Extracted material →
_ _ _ _

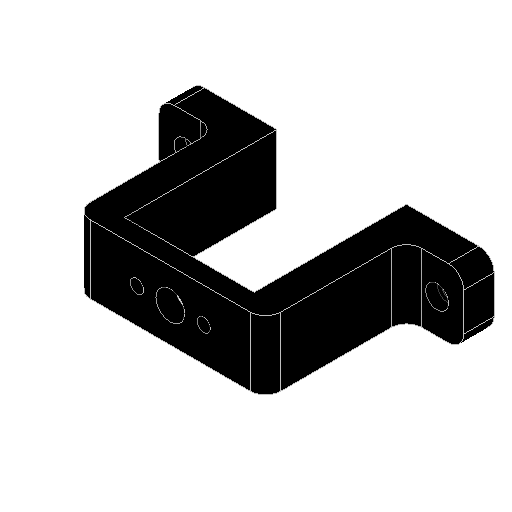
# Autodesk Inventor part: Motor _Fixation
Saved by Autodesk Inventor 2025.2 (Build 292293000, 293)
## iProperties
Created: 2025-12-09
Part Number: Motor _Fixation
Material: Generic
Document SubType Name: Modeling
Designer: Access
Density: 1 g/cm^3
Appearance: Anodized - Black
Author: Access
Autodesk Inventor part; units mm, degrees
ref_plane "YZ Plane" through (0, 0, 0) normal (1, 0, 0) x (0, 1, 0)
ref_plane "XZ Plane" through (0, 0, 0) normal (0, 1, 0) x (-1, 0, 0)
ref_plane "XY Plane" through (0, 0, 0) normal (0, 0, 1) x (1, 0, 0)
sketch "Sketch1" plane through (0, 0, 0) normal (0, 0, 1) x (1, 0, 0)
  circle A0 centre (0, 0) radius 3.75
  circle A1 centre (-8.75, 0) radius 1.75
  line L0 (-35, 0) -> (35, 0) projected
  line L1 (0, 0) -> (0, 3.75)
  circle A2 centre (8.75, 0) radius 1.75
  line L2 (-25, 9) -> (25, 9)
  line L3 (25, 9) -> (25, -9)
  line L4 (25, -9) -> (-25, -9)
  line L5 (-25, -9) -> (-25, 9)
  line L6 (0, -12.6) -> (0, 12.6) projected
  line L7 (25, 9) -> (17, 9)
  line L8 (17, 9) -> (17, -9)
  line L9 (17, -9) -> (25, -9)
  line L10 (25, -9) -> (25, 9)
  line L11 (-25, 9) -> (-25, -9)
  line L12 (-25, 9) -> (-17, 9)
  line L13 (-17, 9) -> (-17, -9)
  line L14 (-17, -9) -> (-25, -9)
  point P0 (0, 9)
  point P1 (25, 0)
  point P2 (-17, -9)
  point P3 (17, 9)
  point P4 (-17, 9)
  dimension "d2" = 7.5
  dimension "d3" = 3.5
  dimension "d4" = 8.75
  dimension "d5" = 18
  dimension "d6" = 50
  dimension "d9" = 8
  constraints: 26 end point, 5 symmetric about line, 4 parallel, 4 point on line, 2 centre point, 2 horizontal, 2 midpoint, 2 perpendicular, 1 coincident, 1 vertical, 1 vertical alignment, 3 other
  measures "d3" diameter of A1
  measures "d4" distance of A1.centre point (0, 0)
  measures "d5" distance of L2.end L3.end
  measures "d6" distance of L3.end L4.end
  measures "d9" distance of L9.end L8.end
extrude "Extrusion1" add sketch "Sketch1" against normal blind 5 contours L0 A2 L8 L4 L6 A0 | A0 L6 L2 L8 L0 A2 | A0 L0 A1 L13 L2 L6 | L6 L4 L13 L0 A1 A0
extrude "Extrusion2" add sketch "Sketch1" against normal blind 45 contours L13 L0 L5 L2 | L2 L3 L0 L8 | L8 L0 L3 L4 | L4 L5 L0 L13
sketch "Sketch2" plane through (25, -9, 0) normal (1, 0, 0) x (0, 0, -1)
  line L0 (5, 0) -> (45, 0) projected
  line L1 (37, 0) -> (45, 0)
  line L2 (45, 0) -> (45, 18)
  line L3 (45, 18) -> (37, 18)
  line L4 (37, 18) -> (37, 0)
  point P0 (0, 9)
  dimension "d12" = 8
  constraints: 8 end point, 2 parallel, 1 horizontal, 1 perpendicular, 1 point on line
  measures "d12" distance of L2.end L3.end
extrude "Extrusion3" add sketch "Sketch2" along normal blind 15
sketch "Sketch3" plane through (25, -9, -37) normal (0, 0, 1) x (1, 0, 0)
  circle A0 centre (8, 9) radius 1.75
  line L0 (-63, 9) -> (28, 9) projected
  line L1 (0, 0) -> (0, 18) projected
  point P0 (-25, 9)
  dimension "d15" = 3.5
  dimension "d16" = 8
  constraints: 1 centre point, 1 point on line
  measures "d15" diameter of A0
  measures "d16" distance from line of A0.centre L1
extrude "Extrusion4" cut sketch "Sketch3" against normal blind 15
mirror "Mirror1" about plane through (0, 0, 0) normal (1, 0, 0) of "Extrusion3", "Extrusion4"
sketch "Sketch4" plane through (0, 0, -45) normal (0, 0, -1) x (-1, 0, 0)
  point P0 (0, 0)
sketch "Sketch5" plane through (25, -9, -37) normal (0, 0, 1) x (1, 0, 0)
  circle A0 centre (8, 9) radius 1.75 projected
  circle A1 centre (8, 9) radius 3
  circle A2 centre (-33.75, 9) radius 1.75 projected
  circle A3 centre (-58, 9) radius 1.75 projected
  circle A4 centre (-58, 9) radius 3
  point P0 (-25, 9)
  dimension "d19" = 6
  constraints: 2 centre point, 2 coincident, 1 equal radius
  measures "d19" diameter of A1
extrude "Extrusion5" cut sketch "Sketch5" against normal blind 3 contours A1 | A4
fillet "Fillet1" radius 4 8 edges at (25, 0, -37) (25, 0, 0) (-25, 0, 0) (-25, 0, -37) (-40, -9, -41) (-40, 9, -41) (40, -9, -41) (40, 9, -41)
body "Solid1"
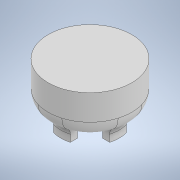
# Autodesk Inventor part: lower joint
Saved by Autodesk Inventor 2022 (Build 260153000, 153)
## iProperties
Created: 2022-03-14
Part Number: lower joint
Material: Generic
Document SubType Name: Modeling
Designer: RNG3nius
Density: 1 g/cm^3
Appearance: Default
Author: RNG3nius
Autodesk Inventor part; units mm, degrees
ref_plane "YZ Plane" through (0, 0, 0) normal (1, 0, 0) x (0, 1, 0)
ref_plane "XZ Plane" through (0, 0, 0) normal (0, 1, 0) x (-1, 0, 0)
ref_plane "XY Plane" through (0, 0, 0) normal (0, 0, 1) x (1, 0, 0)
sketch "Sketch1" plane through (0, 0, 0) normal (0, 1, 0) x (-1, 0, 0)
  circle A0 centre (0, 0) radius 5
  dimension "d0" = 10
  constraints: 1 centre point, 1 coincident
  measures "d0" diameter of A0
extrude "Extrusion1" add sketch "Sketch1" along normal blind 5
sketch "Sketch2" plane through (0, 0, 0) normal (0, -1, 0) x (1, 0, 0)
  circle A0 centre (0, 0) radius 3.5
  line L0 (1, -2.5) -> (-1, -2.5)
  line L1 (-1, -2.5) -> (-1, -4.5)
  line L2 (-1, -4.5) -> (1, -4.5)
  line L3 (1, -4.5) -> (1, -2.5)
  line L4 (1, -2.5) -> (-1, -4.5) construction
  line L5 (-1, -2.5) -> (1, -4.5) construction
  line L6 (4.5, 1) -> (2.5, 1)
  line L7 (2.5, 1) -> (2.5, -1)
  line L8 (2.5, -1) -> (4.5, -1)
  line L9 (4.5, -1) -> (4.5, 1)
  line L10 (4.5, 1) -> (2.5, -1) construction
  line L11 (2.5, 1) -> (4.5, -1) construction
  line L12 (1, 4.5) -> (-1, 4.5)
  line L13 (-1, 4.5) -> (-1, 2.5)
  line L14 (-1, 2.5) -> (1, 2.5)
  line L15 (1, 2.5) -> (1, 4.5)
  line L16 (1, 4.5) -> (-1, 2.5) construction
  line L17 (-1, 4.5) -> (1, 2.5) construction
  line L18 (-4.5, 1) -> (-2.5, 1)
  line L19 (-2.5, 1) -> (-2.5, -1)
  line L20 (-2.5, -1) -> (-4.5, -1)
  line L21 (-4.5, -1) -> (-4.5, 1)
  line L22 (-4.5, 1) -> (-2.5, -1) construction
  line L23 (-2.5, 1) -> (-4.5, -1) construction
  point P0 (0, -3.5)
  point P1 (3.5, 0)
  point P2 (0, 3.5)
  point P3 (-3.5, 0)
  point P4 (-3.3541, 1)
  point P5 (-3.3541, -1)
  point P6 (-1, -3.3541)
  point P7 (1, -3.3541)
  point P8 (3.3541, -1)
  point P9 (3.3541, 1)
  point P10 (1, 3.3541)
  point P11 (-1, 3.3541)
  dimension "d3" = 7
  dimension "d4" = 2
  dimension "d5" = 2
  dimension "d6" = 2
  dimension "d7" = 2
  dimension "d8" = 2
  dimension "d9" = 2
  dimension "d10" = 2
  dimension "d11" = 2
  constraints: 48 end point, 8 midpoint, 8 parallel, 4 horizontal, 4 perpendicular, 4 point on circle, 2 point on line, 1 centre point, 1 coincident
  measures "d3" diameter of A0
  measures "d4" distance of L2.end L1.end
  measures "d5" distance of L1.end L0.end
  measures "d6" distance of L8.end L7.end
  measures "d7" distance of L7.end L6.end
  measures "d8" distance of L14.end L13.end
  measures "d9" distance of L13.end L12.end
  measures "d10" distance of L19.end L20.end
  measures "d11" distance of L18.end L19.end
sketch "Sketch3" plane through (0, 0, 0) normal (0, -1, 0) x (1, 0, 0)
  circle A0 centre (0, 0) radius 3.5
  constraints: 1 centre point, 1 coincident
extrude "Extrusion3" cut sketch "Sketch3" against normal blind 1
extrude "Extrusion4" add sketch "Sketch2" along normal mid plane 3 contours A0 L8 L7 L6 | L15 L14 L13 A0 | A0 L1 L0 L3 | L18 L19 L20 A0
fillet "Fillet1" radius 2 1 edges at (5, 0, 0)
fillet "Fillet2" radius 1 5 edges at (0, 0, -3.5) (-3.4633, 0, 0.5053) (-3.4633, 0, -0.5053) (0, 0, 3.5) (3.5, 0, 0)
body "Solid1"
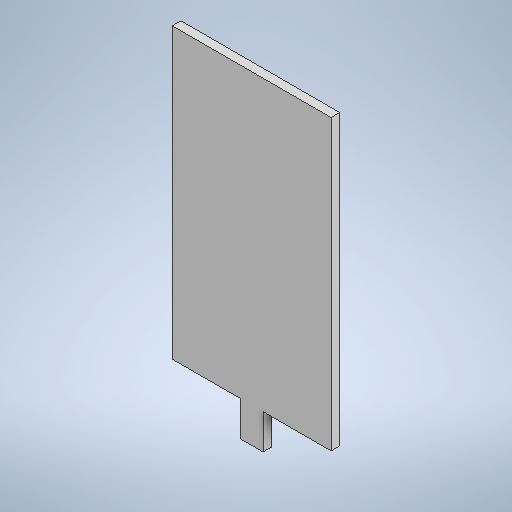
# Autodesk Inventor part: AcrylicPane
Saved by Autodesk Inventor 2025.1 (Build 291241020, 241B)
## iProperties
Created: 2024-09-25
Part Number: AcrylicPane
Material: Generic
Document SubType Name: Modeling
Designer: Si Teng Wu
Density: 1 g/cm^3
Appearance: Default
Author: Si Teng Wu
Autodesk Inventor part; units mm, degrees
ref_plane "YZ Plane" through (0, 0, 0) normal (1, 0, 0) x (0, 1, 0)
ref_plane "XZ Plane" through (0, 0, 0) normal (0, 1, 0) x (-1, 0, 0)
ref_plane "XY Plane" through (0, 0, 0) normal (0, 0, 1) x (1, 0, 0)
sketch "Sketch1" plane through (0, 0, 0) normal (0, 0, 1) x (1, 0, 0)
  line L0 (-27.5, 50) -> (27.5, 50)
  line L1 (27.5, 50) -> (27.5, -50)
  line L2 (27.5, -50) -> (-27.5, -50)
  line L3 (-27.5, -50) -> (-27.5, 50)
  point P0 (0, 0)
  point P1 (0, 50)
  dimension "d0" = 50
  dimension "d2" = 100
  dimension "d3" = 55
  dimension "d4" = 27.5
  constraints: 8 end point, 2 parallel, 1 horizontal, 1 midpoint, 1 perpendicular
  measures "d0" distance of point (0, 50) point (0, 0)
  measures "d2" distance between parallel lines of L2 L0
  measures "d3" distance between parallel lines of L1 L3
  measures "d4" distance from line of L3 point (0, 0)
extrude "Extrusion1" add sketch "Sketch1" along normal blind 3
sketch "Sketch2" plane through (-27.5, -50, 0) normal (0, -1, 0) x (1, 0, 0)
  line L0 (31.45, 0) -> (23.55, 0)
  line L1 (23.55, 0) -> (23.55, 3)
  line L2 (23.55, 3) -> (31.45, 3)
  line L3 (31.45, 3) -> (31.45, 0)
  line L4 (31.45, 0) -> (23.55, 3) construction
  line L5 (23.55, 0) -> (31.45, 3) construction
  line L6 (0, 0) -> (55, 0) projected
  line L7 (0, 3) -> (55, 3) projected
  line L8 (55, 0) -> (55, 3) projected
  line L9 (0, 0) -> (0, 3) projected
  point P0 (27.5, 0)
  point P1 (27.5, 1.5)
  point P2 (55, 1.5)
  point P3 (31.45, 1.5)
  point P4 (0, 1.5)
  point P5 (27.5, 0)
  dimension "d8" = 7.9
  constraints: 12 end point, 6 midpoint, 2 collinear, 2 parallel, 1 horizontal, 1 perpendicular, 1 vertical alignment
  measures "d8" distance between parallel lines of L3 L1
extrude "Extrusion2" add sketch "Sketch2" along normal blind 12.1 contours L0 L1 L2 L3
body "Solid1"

_ _ _ _

What the task requires → The lines in the records above that include the word "Created" must be copied out.

Answer to the exercise →
Created: 2025-12-09
Created: 2022-03-14
Created: 2024-09-25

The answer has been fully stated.